▸ **DATA TO USE**:
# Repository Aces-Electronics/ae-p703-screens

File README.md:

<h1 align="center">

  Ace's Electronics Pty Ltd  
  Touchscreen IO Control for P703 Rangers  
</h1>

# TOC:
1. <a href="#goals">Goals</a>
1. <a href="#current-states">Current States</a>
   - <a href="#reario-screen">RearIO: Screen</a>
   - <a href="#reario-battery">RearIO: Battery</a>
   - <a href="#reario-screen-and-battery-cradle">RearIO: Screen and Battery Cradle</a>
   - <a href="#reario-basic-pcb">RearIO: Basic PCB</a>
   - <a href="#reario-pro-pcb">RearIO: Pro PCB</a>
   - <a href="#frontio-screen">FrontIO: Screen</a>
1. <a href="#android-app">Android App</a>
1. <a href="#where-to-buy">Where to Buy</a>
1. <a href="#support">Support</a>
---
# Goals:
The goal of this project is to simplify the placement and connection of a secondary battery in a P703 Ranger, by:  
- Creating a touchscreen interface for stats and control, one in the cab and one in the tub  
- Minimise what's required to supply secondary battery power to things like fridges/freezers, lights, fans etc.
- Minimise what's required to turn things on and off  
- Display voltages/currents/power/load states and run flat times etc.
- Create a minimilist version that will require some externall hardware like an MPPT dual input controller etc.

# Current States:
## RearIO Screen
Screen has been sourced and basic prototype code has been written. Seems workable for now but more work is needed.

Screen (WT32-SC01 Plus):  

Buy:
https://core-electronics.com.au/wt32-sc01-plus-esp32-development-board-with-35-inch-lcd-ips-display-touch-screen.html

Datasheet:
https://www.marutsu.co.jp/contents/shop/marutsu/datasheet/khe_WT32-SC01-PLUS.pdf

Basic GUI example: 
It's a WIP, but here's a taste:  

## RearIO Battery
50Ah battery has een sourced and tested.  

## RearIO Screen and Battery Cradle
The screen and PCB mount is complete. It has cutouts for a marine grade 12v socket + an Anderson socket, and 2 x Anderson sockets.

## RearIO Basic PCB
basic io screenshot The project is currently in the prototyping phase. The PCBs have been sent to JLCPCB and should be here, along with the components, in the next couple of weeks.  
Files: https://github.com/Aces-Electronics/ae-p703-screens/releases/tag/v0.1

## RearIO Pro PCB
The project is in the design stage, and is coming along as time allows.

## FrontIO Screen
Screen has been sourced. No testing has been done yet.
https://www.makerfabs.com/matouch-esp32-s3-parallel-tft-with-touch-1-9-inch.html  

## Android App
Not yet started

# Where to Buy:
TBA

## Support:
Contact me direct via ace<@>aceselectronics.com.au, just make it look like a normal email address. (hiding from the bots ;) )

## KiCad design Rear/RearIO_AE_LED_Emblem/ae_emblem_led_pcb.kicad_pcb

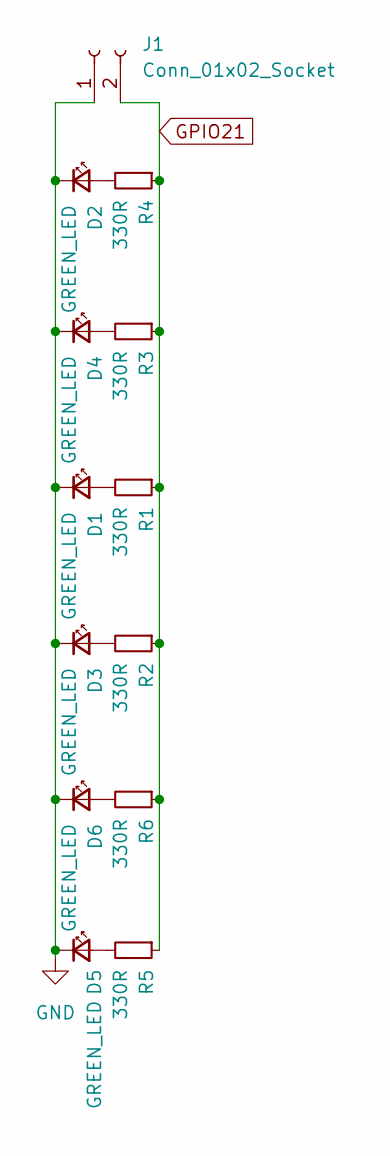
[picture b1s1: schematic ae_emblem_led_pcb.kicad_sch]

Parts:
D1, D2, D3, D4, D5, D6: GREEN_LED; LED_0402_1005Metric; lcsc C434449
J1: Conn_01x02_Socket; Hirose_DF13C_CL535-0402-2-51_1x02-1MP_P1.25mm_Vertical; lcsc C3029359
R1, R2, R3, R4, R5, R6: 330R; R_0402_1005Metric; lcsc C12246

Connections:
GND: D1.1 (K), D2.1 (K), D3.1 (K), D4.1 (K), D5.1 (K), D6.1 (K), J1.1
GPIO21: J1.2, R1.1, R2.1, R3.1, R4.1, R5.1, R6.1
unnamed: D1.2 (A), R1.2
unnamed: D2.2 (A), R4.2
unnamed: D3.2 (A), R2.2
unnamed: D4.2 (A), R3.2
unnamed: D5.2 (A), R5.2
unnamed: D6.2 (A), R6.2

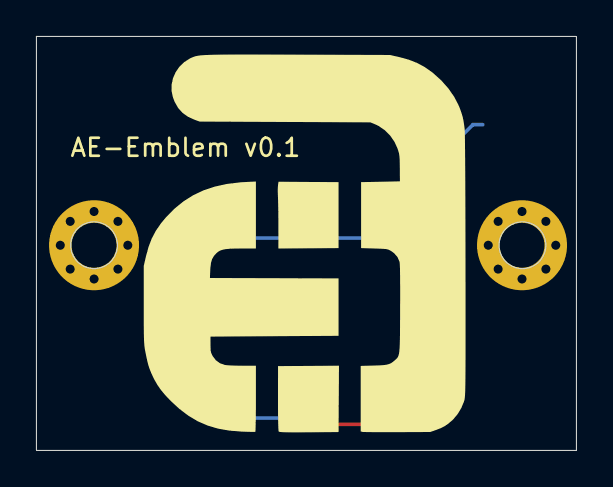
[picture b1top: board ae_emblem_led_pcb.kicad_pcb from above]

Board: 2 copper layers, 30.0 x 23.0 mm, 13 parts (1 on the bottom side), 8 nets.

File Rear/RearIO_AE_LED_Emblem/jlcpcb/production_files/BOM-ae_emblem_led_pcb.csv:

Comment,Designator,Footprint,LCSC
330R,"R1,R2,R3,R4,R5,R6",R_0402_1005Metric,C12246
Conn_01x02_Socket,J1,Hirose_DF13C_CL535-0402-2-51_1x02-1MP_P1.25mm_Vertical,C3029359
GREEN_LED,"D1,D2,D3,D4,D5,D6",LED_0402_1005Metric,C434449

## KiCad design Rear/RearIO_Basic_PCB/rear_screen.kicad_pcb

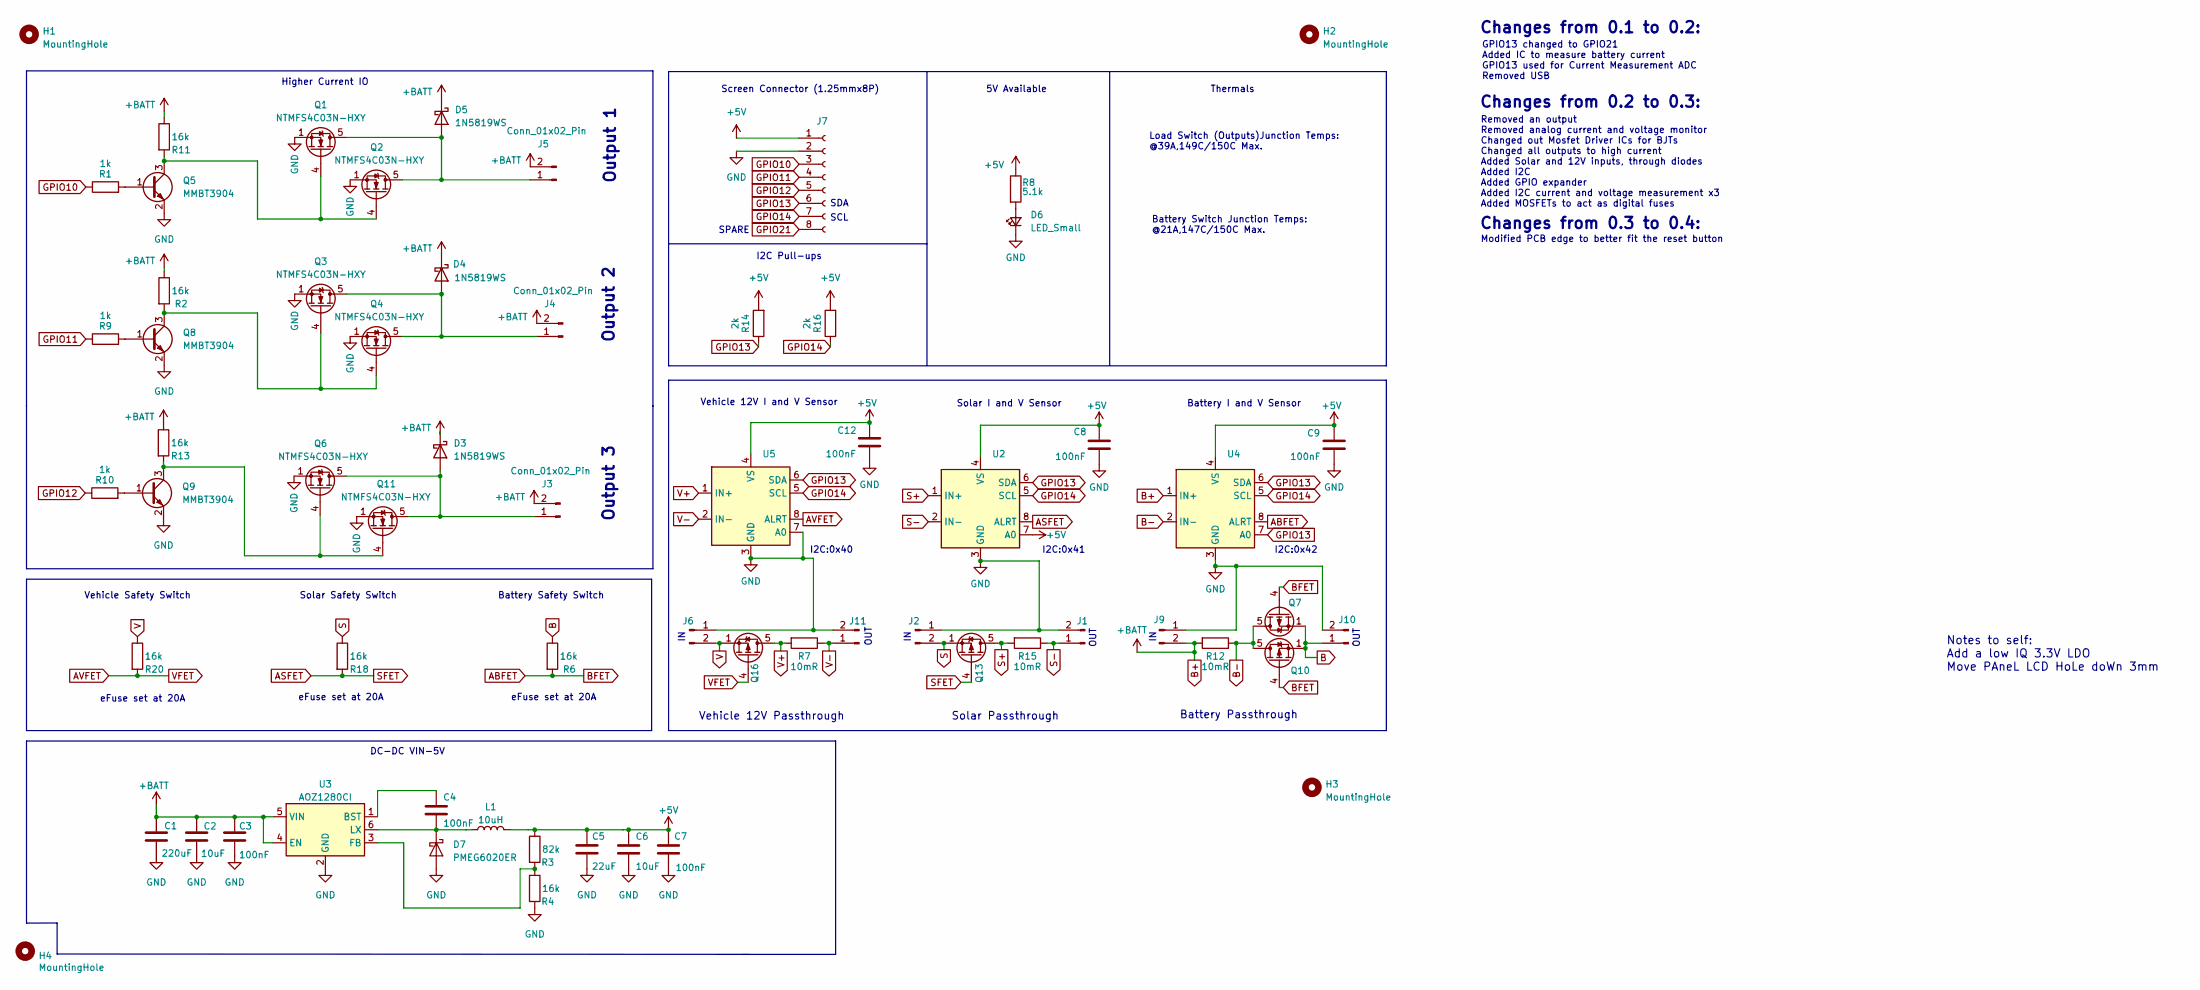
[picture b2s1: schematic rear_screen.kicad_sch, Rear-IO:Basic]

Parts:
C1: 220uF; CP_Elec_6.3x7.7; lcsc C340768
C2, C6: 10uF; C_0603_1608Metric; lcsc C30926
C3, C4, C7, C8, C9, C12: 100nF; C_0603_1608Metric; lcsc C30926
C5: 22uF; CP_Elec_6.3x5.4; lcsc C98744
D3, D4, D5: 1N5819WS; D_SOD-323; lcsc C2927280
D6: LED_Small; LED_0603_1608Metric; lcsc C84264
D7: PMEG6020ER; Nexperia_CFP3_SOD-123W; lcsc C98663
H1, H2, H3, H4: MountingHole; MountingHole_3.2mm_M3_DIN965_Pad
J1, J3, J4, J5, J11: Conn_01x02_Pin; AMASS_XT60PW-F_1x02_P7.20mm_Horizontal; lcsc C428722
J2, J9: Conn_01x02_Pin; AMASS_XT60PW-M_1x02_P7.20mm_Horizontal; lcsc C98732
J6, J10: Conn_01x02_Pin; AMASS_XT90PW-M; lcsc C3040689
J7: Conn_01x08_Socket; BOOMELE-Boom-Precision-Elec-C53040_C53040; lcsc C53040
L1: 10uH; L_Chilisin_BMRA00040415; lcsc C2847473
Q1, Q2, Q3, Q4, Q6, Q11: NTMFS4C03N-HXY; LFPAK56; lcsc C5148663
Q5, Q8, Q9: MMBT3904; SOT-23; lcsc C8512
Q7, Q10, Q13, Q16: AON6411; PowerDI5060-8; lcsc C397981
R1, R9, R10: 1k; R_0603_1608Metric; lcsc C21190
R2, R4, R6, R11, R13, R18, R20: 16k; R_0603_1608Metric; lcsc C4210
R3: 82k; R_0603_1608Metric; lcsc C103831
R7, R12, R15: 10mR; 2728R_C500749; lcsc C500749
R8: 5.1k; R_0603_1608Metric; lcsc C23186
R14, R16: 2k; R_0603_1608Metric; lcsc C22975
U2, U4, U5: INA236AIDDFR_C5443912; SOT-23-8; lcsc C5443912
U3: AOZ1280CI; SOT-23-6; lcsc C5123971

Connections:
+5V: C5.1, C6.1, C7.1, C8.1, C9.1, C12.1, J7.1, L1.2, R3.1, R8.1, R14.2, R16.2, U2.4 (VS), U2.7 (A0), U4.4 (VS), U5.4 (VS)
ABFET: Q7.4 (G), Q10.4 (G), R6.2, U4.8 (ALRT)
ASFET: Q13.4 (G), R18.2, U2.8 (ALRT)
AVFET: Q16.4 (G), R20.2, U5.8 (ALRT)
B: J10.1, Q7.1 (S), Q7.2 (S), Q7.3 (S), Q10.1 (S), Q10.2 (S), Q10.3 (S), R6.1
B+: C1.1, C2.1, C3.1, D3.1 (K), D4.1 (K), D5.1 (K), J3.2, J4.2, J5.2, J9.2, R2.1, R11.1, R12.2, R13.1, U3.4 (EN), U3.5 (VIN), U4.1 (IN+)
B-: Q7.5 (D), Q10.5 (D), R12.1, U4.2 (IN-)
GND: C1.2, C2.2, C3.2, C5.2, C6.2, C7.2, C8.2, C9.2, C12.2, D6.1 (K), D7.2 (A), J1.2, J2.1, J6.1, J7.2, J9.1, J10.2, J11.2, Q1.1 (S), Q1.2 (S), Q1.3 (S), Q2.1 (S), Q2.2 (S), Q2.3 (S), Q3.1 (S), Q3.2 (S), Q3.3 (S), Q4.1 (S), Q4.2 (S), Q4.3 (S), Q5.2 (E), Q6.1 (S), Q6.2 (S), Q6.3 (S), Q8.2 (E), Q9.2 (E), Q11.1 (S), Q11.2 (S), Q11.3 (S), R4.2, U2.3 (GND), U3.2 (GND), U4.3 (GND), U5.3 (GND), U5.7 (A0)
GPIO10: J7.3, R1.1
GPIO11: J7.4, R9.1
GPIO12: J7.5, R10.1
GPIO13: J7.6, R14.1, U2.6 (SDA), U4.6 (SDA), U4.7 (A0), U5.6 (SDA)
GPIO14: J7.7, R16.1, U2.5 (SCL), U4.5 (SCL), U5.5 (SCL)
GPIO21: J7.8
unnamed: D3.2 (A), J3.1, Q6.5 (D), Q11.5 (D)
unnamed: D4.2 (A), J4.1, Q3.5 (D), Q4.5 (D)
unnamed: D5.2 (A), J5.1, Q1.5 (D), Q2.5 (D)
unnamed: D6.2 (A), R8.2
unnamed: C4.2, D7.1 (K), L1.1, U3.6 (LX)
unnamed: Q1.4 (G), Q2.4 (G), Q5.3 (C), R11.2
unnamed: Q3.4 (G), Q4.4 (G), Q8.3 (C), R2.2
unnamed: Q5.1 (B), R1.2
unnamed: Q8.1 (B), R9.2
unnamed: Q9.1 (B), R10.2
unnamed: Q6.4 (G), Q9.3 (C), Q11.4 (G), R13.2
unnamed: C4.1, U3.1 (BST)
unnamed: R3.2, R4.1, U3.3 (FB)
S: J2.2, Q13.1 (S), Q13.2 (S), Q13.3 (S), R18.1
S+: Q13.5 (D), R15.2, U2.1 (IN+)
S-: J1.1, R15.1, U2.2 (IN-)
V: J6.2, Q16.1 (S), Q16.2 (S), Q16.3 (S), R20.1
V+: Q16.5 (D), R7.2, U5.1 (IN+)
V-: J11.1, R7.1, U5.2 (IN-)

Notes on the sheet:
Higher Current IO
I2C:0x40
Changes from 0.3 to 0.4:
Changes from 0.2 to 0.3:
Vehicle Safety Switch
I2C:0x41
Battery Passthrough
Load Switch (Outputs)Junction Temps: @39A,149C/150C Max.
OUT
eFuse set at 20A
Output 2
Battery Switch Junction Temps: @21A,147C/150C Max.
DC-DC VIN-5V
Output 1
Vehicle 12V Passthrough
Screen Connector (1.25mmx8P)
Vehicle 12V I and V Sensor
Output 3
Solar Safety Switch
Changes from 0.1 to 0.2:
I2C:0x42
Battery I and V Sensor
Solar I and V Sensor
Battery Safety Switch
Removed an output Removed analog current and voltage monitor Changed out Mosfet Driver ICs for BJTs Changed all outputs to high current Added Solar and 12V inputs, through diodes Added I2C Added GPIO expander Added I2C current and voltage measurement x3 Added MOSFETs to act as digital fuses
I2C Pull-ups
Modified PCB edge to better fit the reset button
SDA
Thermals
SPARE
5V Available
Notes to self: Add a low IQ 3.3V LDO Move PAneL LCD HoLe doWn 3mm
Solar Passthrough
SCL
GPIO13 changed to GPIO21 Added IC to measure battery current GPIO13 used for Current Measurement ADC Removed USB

▸ **REQUIREMENT**: Extract exactly and only the lines above from the line containing "C2, C6: 10uF; C_0603_1608Metric; lcsc C30926" through the line containing "Q7, Q10, Q13, Q16: AON6411;", both end lines included.

▸ **RESULT OF THIS TASK**:
C2, C6: 10uF; C_0603_1608Metric; lcsc C30926
C3, C4, C7, C8, C9, C12: 100nF; C_0603_1608Metric; lcsc C30926
C5: 22uF; CP_Elec_6.3x5.4; lcsc C98744
D3, D4, D5: 1N5819WS; D_SOD-323; lcsc C2927280
D6: LED_Small; LED_0603_1608Metric; lcsc C84264
D7: PMEG6020ER; Nexperia_CFP3_SOD-123W; lcsc C98663
H1, H2, H3, H4: MountingHole; MountingHole_3.2mm_M3_DIN965_Pad
J1, J3, J4, J5, J11: Conn_01x02_Pin; AMASS_XT60PW-F_1x02_P7.20mm_Horizontal; lcsc C428722
J2, J9: Conn_01x02_Pin; AMASS_XT60PW-M_1x02_P7.20mm_Horizontal; lcsc C98732
J6, J10: Conn_01x02_Pin; AMASS_XT90PW-M; lcsc C3040689
J7: Conn_01x08_Socket; BOOMELE-Boom-Precision-Elec-C53040_C53040; lcsc C53040
L1: 10uH; L_Chilisin_BMRA00040415; lcsc C2847473
Q1, Q2, Q3, Q4, Q6, Q11: NTMFS4C03N-HXY; LFPAK56; lcsc C5148663
Q5, Q8, Q9: MMBT3904; SOT-23; lcsc C8512
Q7, Q10, Q13, Q16: AON6411; PowerDI5060-8; lcsc C397981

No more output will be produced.